== Task data

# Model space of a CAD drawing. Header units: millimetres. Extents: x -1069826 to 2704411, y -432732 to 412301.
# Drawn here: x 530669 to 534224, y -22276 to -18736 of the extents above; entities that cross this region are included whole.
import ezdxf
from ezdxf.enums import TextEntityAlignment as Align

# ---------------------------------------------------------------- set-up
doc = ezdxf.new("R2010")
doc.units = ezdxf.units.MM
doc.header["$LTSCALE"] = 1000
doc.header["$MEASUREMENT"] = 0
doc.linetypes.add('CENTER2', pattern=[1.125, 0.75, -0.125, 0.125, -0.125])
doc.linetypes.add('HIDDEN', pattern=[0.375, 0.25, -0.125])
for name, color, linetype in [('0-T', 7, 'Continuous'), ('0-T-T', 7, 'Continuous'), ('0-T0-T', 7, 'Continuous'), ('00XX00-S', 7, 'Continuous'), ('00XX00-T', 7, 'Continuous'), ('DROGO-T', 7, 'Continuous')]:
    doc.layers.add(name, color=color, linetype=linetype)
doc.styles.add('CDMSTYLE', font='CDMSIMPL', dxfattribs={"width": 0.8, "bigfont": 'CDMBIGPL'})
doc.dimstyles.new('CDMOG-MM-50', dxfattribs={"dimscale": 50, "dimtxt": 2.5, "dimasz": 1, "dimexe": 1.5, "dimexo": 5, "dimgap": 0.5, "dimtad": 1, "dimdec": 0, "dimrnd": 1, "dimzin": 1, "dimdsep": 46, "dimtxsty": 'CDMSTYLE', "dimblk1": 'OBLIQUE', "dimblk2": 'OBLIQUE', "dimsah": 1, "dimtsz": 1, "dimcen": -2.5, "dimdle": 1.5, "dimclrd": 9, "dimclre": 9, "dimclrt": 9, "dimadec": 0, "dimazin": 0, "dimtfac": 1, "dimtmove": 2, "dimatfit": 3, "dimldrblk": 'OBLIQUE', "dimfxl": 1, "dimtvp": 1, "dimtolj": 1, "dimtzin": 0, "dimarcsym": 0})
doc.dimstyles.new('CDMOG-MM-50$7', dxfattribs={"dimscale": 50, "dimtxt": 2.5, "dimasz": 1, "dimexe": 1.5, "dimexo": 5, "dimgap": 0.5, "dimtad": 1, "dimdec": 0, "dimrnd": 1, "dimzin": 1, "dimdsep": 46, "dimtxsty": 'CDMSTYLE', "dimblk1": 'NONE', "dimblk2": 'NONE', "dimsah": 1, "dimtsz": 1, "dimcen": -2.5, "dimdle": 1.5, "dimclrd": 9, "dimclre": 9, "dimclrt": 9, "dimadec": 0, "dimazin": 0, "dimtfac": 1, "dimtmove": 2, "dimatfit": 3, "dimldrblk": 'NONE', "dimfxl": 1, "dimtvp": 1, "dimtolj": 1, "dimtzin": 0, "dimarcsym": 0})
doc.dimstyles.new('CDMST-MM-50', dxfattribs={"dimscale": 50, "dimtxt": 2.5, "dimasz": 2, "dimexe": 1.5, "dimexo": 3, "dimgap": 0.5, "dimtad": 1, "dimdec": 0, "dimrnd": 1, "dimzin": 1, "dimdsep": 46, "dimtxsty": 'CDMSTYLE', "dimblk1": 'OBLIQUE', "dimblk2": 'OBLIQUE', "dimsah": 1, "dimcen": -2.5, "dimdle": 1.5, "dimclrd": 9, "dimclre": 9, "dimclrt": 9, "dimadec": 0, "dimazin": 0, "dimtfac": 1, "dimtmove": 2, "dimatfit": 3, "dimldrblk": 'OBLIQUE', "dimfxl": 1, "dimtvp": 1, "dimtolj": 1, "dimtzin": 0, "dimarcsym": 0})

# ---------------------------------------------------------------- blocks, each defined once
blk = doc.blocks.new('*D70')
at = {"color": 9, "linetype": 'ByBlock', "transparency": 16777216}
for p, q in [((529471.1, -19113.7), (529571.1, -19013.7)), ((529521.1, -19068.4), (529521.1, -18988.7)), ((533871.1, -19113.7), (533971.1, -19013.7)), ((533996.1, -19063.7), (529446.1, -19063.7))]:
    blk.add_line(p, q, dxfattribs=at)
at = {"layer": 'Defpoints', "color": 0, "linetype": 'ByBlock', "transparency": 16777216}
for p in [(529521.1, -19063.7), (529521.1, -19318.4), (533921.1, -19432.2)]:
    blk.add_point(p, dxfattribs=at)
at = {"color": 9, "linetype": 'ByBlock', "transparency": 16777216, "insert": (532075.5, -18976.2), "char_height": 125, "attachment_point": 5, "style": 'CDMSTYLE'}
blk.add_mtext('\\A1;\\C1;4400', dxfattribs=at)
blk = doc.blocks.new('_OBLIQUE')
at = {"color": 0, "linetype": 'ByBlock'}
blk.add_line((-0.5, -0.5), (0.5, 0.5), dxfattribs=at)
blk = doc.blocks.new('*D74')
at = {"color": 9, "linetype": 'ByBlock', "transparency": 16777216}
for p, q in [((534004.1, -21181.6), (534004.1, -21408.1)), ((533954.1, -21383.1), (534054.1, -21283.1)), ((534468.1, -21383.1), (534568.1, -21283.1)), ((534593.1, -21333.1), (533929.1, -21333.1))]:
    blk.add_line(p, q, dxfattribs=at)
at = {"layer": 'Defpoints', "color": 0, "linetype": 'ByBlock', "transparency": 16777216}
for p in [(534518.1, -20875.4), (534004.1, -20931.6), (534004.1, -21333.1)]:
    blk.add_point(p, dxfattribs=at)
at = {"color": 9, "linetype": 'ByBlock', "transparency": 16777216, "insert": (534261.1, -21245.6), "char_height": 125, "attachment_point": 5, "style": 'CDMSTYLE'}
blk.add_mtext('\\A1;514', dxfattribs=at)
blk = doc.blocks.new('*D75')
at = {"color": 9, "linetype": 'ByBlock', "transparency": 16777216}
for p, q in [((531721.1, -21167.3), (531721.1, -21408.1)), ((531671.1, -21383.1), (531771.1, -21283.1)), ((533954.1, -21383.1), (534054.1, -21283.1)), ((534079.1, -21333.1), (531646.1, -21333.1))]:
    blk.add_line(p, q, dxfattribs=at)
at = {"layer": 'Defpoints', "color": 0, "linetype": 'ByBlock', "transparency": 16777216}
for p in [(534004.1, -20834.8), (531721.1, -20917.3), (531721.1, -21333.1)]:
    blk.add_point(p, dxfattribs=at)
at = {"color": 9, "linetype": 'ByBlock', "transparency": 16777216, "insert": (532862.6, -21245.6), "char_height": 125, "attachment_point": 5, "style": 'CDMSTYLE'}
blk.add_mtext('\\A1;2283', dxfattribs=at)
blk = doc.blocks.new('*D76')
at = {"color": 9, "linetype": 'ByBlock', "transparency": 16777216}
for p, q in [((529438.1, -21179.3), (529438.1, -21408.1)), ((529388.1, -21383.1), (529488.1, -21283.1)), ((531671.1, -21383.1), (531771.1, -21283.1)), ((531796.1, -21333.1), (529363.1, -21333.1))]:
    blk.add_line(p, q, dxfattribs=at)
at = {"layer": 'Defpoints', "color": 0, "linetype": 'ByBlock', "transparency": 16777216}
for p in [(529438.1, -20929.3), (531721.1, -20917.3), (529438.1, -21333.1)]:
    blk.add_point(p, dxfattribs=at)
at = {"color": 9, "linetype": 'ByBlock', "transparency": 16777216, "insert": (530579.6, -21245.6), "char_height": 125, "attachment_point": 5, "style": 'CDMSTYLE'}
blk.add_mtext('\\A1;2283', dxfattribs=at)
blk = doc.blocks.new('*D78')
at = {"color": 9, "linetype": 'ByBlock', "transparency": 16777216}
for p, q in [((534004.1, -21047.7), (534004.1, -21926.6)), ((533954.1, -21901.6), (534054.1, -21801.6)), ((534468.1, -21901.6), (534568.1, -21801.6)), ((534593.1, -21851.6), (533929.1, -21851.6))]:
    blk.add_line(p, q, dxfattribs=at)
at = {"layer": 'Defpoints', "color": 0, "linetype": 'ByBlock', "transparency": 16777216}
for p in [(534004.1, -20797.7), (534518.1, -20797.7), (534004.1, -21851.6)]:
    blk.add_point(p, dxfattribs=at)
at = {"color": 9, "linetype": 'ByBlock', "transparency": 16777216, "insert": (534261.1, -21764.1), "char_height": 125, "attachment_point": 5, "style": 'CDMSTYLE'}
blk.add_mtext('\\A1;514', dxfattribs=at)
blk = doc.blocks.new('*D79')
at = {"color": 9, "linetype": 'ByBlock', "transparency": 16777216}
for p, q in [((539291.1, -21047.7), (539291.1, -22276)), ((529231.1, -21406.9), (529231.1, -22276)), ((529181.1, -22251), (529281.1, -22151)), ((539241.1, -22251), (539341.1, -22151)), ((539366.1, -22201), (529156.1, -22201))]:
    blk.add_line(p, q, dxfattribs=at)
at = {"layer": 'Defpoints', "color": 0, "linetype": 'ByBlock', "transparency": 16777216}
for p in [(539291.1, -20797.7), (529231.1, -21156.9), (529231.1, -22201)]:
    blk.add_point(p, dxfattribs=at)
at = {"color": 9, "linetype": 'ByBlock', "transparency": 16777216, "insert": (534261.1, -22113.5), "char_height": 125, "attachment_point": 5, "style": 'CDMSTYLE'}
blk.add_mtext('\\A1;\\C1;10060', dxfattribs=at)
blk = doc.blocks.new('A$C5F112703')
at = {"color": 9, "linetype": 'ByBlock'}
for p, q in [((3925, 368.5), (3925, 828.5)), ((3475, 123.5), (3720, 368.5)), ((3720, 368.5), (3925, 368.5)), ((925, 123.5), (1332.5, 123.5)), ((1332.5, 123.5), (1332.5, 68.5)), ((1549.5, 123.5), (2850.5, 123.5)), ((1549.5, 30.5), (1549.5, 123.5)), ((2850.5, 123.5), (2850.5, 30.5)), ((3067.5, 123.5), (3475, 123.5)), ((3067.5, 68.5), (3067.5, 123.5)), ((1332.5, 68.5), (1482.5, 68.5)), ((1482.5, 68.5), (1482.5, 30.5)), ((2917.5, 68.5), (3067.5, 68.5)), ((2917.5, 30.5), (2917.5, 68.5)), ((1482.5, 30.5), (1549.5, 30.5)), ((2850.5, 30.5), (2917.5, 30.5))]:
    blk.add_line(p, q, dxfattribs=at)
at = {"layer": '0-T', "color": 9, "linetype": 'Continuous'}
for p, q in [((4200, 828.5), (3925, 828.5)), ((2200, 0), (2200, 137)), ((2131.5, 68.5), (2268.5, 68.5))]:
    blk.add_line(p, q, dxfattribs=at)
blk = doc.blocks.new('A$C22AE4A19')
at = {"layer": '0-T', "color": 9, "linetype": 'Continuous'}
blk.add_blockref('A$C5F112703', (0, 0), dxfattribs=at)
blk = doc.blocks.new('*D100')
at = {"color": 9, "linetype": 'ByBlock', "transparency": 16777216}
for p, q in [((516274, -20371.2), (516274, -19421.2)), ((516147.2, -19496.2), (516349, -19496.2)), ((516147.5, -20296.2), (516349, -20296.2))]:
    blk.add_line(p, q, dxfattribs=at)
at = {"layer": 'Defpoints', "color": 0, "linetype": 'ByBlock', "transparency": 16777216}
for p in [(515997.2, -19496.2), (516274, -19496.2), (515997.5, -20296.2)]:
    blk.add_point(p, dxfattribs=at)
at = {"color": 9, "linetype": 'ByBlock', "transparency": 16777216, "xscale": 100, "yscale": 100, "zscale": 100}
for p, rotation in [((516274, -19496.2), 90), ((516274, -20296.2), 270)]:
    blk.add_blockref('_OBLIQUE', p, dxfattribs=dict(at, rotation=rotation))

====

» **Task**
Both the first line of the data above and the line with "import ezdxf" must be included; please return exactly those lines and the ones between them.

» **Expected answer**
# Model space of a CAD drawing. Header units: millimetres. Extents: x -1069826 to 2704411, y -432732 to 412301.
# Drawn here: x 530669 to 534224, y -22276 to -18736 of the extents above; entities that cross this region are included whole.
import ezdxf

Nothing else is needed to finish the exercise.